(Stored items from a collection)
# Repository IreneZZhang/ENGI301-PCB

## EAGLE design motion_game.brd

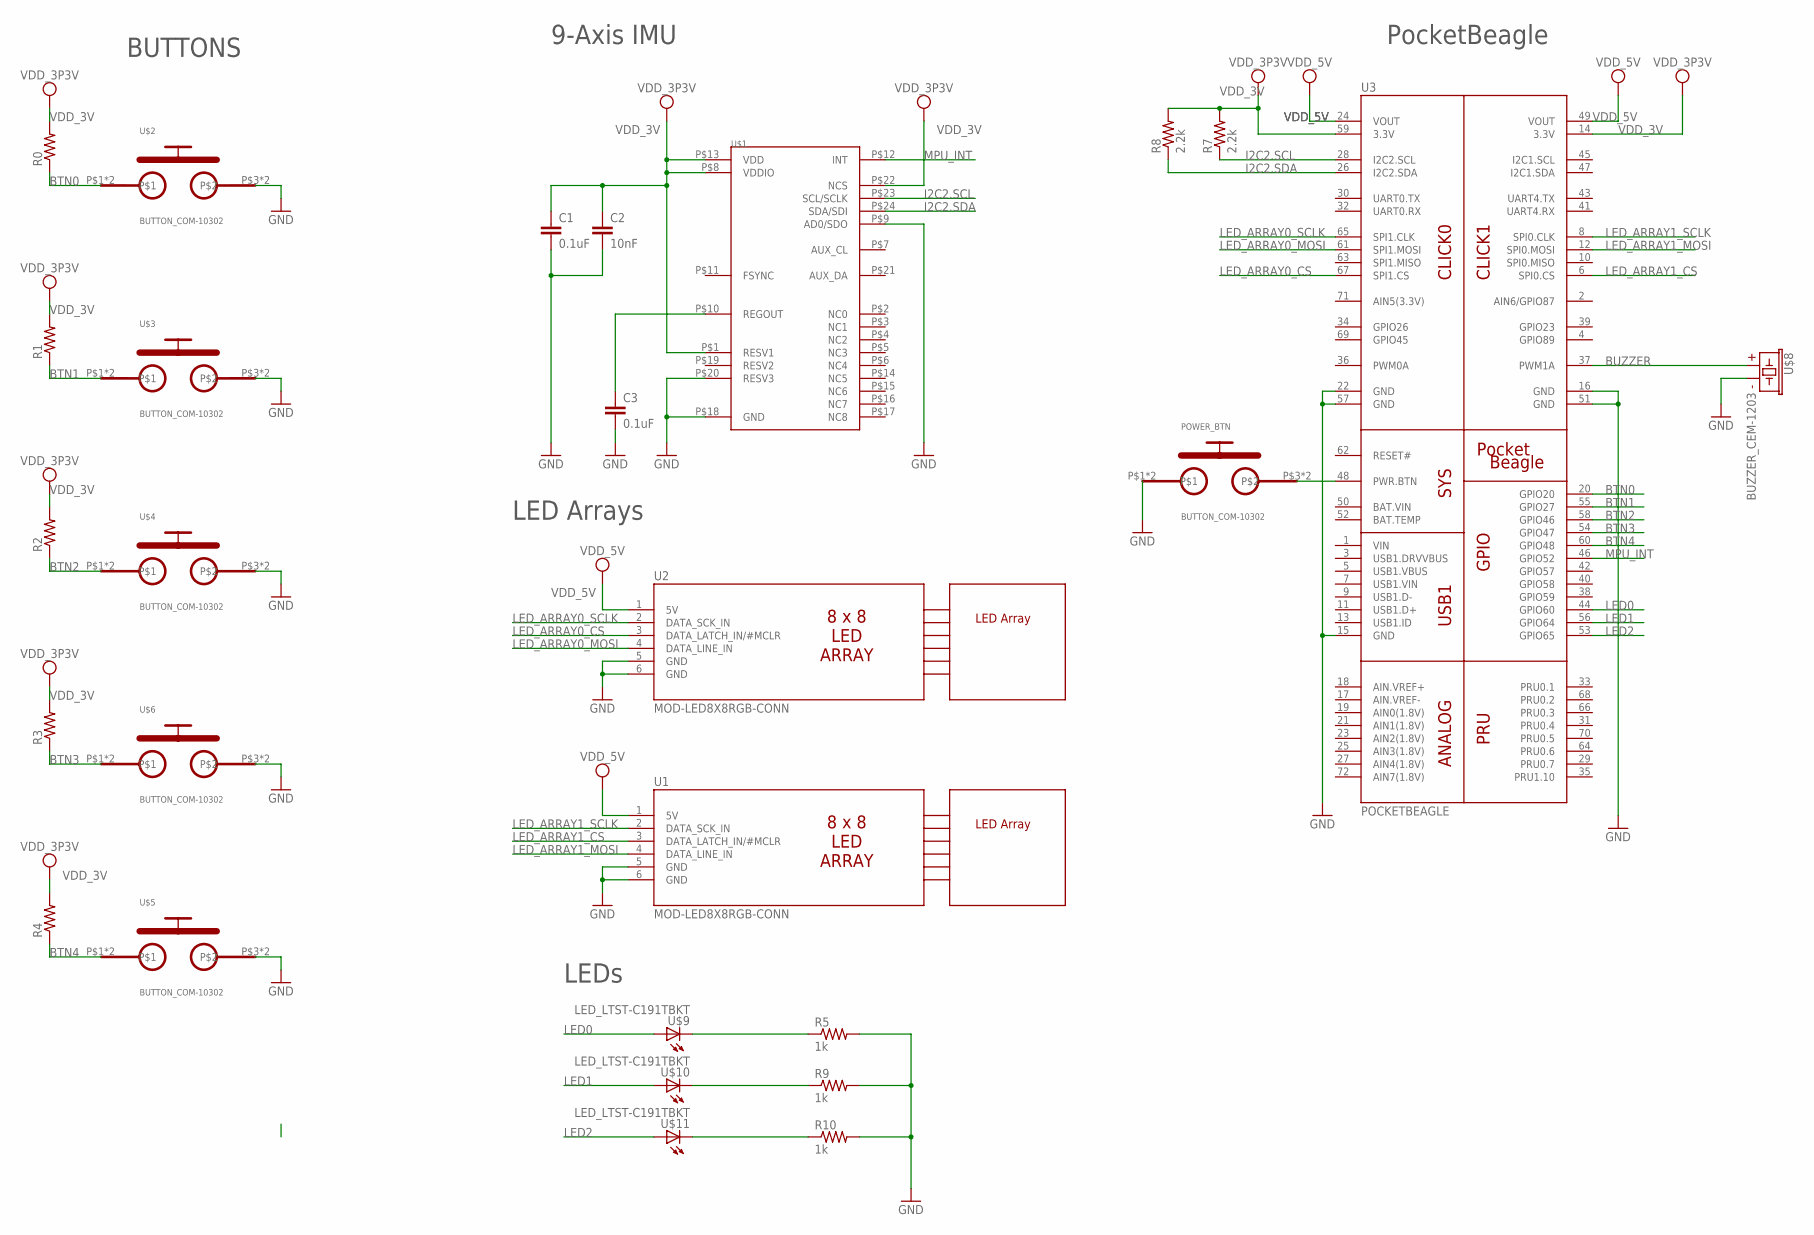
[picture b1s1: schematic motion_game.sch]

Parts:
C1, C3: 0.1uF; C0402
C2: 10nF; C0402
POWER_BTN: BUTTON_COM-10302; BUTTON_12.5MM
R0, R1, R2, R3, R4: R_R0603; R0603
R5, R9, R10: 1k; R0603
R7, R8: 2.2k; R0603
U1, U2: MOD-LED8X8RGB-CONN; FE06W
U3: POCKETBEAGLE
U$1: MPU-9250; QFN3X3MM
U$2, U$3, U$4, U$5, U$6: BUTTON_COM-10302; BUTTON_12.5MM
U$7, U$12: MOD-LED8X8RGB-OUTLINE; MOD-LED8X8RGB
U$8: BUZZER_CEM-1203; BUZZER_6.5MM
U$9, U$10, U$11: LED_LTST-C191TBKT; LED_EIA-STD

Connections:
BTN0: R0.1, U3.20 (GPIO20), U$2.P$1, U$2.P$2
BTN1: R1.1, U3.55 (GPIO27), U$3.P$1, U$3.P$2
BTN2: R2.1, U3.58 (GPIO46), U$4.P$1, U$4.P$2
BTN3: R3.1, U3.54 (GPIO47), U$6.P$1, U$6.P$2
BTN4: R4.1, U3.60 (GPIO48), U$5.P$1, U$5.P$2
BUZZER: U3.37 (PWM1A), U$8.P$2 (1)
GND: C1.2, C2.2, C3.2, POWER_BTN.P$1, POWER_BTN.P$2, R5.2, R9.2, R10.2, U1.5 (GND), U1.6 (GND), U2.5 (GND), U2.6 (GND), U3.15 (GND), U3.16 (GND), U3.22 (GND), U3.51 (GND), U3.57 (GND), U$1.P$9 (AD0/SDO), U$1.P$18 (GND), U$1.P$20 (RESV3), U$2.P$3, U$2.P$4, U$3.P$3, U$3.P$4, U$4.P$3, U$4.P$4, U$5.P$3, U$5.P$4, U$6.P$3, U$6.P$4, U$8.P$1 (2)
I2C2.SCL: R7.1, U3.28 (I2C2.SCL), U$1.P$23 (SCL/SCLK)
I2C2.SDA: R8.1, U3.26 (I2C2.SDA), U$1.P$24 (SDA/SDI)
LED0: U3.44 (GPIO60), U$9.P$1 (A)
LED1: U3.56 (GPIO64), U$10.P$1 (A)
LED2: U3.53 (GPIO65), U$11.P$1 (A)
LED_ARRAY0_CS: U2.3 (DATA_LATCH_IN/#MCLR), U3.67 (SPI1.CS)
LED_ARRAY0_MOSI: U2.4 (DATA_LINE_IN), U3.61 (SPI1.MOSI)
LED_ARRAY0_SCLK: U2.2 (DATA_SCK_IN), U3.65 (SPI1.CLK)
LED_ARRAY1_CS: U1.3 (DATA_LATCH_IN/#MCLR), U3.6 (SPI0.CS)
LED_ARRAY1_MOSI: U1.4 (DATA_LINE_IN), U3.12 (SPI0.MOSI)
LED_ARRAY1_SCLK: U1.2 (DATA_SCK_IN), U3.8 (SPI0.CLK)
MPU_INT: U3.46 (GPIO52), U$1.P$12 (INT)
unnamed: R5.1, U$9.P$2 (C)
unnamed: POWER_BTN.P$3, POWER_BTN.P$4, U3.48 (PWR.BTN)
unnamed: C3.1, U$1.P$10 (REGOUT)
unnamed: R9.1, U$10.P$2 (C)
unnamed: R10.1, U$11.P$2 (C)
VDD_3V: C1.1, C2.1, R0.2, R1.2, R2.2, R3.2, R4.2, R7.2, R8.2, U3.14 (3.3V), U3.59 (3.3V), U$1.P$1 (RESV1), U$1.P$8 (VDDIO), U$1.P$13 (VDD), U$1.P$22 (NCS)
VDD_5V: U1.1 (5V), U2.1 (5V), U3.24 (VOUT), U3.49 (VOUT)

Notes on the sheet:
BUTTONS
9-Axis IMU
LED Arrays
LEDs
PocketBeagle

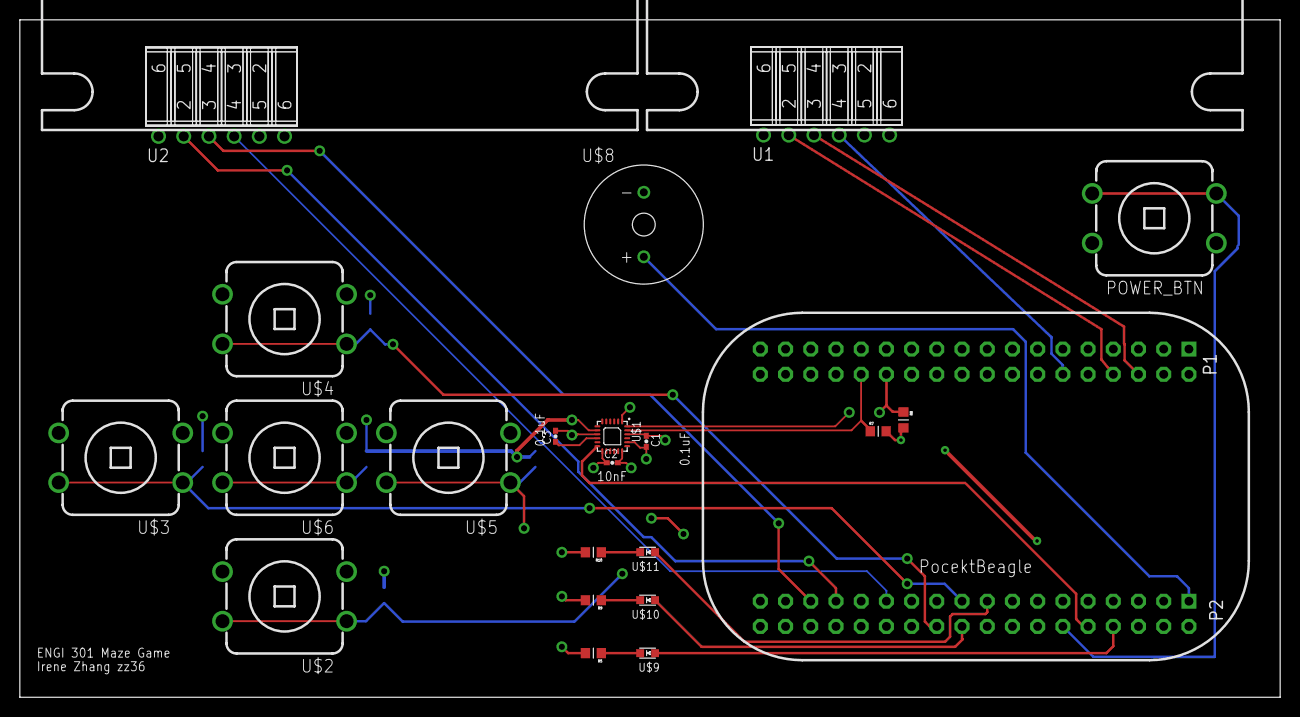
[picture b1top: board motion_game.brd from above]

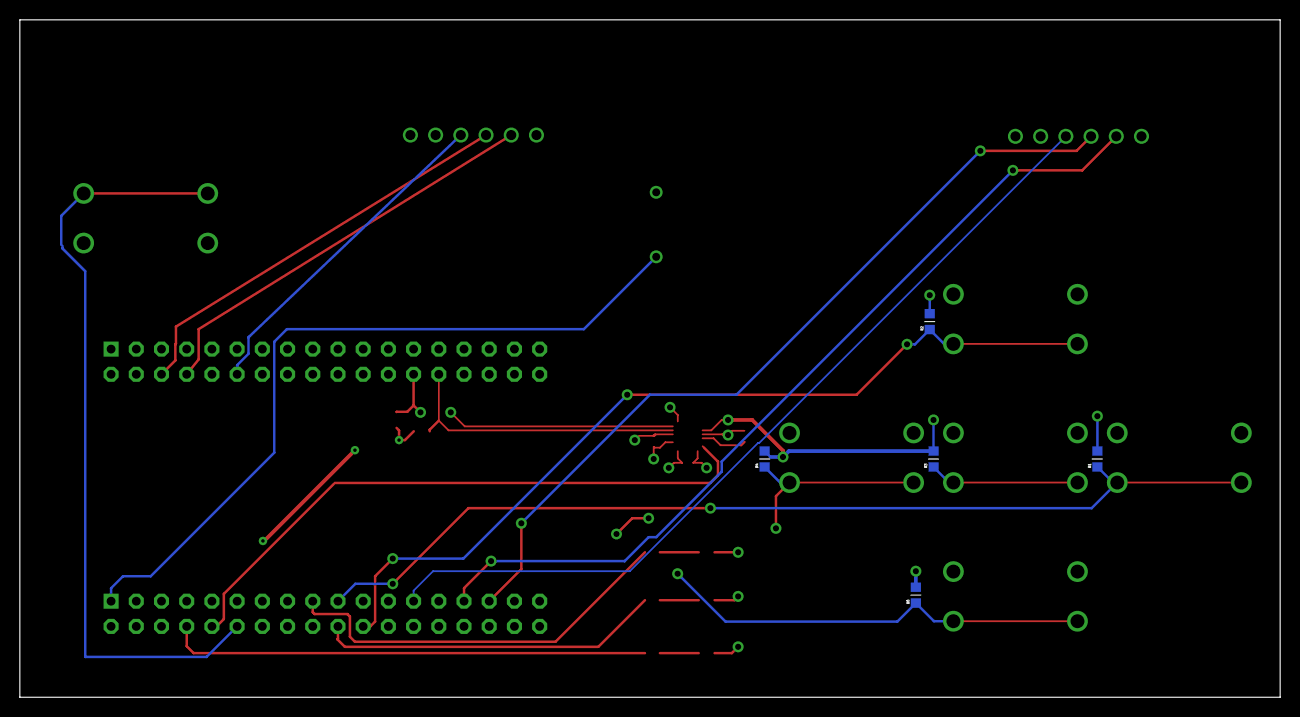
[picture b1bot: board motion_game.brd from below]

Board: 4 copper layers, 127.0 x 68.2 mm, 29 parts (5 on the bottom side), 26 nets.

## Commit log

2018-04-06 add 3 devices
2018-04-06 add parts
2018-04-06 add name and value
2018-04-22 route pdb
2018-04-25 add gerber files
2018-05-07 adjust Vdd

▶ [ASSIGNMENT] Pictures aside, write out all of the records exactly.

▶ [RESULT FOR THIS TASK]
# Repository IreneZZhang/ENGI301-PCB

## EAGLE design motion_game.brd

[picture b1s1: schematic motion_game.sch]

Parts:
C1, C3: 0.1uF; C0402
C2: 10nF; C0402
POWER_BTN: BUTTON_COM-10302; BUTTON_12.5MM
R0, R1, R2, R3, R4: R_R0603; R0603
R5, R9, R10: 1k; R0603
R7, R8: 2.2k; R0603
U1, U2: MOD-LED8X8RGB-CONN; FE06W
U3: POCKETBEAGLE
U$1: MPU-9250; QFN3X3MM
U$2, U$3, U$4, U$5, U$6: BUTTON_COM-10302; BUTTON_12.5MM
U$7, U$12: MOD-LED8X8RGB-OUTLINE; MOD-LED8X8RGB
U$8: BUZZER_CEM-1203; BUZZER_6.5MM
U$9, U$10, U$11: LED_LTST-C191TBKT; LED_EIA-STD

Connections:
BTN0: R0.1, U3.20 (GPIO20), U$2.P$1, U$2.P$2
BTN1: R1.1, U3.55 (GPIO27), U$3.P$1, U$3.P$2
BTN2: R2.1, U3.58 (GPIO46), U$4.P$1, U$4.P$2
BTN3: R3.1, U3.54 (GPIO47), U$6.P$1, U$6.P$2
BTN4: R4.1, U3.60 (GPIO48), U$5.P$1, U$5.P$2
BUZZER: U3.37 (PWM1A), U$8.P$2 (1)
GND: C1.2, C2.2, C3.2, POWER_BTN.P$1, POWER_BTN.P$2, R5.2, R9.2, R10.2, U1.5 (GND), U1.6 (GND), U2.5 (GND), U2.6 (GND), U3.15 (GND), U3.16 (GND), U3.22 (GND), U3.51 (GND), U3.57 (GND), U$1.P$9 (AD0/SDO), U$1.P$18 (GND), U$1.P$20 (RESV3), U$2.P$3, U$2.P$4, U$3.P$3, U$3.P$4, U$4.P$3, U$4.P$4, U$5.P$3, U$5.P$4, U$6.P$3, U$6.P$4, U$8.P$1 (2)
I2C2.SCL: R7.1, U3.28 (I2C2.SCL), U$1.P$23 (SCL/SCLK)
I2C2.SDA: R8.1, U3.26 (I2C2.SDA), U$1.P$24 (SDA/SDI)
LED0: U3.44 (GPIO60), U$9.P$1 (A)
LED1: U3.56 (GPIO64), U$10.P$1 (A)
LED2: U3.53 (GPIO65), U$11.P$1 (A)
LED_ARRAY0_CS: U2.3 (DATA_LATCH_IN/#MCLR), U3.67 (SPI1.CS)
LED_ARRAY0_MOSI: U2.4 (DATA_LINE_IN), U3.61 (SPI1.MOSI)
LED_ARRAY0_SCLK: U2.2 (DATA_SCK_IN), U3.65 (SPI1.CLK)
LED_ARRAY1_CS: U1.3 (DATA_LATCH_IN/#MCLR), U3.6 (SPI0.CS)
LED_ARRAY1_MOSI: U1.4 (DATA_LINE_IN), U3.12 (SPI0.MOSI)
LED_ARRAY1_SCLK: U1.2 (DATA_SCK_IN), U3.8 (SPI0.CLK)
MPU_INT: U3.46 (GPIO52), U$1.P$12 (INT)
unnamed: R5.1, U$9.P$2 (C)
unnamed: POWER_BTN.P$3, POWER_BTN.P$4, U3.48 (PWR.BTN)
unnamed: C3.1, U$1.P$10 (REGOUT)
unnamed: R9.1, U$10.P$2 (C)
unnamed: R10.1, U$11.P$2 (C)
VDD_3V: C1.1, C2.1, R0.2, R1.2, R2.2, R3.2, R4.2, R7.2, R8.2, U3.14 (3.3V), U3.59 (3.3V), U$1.P$1 (RESV1), U$1.P$8 (VDDIO), U$1.P$13 (VDD), U$1.P$22 (NCS)
VDD_5V: U1.1 (5V), U2.1 (5V), U3.24 (VOUT), U3.49 (VOUT)

Notes on the sheet:
BUTTONS
9-Axis IMU
LED Arrays
LEDs
PocketBeagle

[picture b1top: board motion_game.brd from above]

[picture b1bot: board motion_game.brd from below]

Board: 4 copper layers, 127.0 x 68.2 mm, 29 parts (5 on the bottom side), 26 nets.

## Commit log

2018-04-06 add 3 devices
2018-04-06 add parts
2018-04-06 add name and value
2018-04-22 route pdb
2018-04-25 add gerber files
2018-05-07 adjust Vdd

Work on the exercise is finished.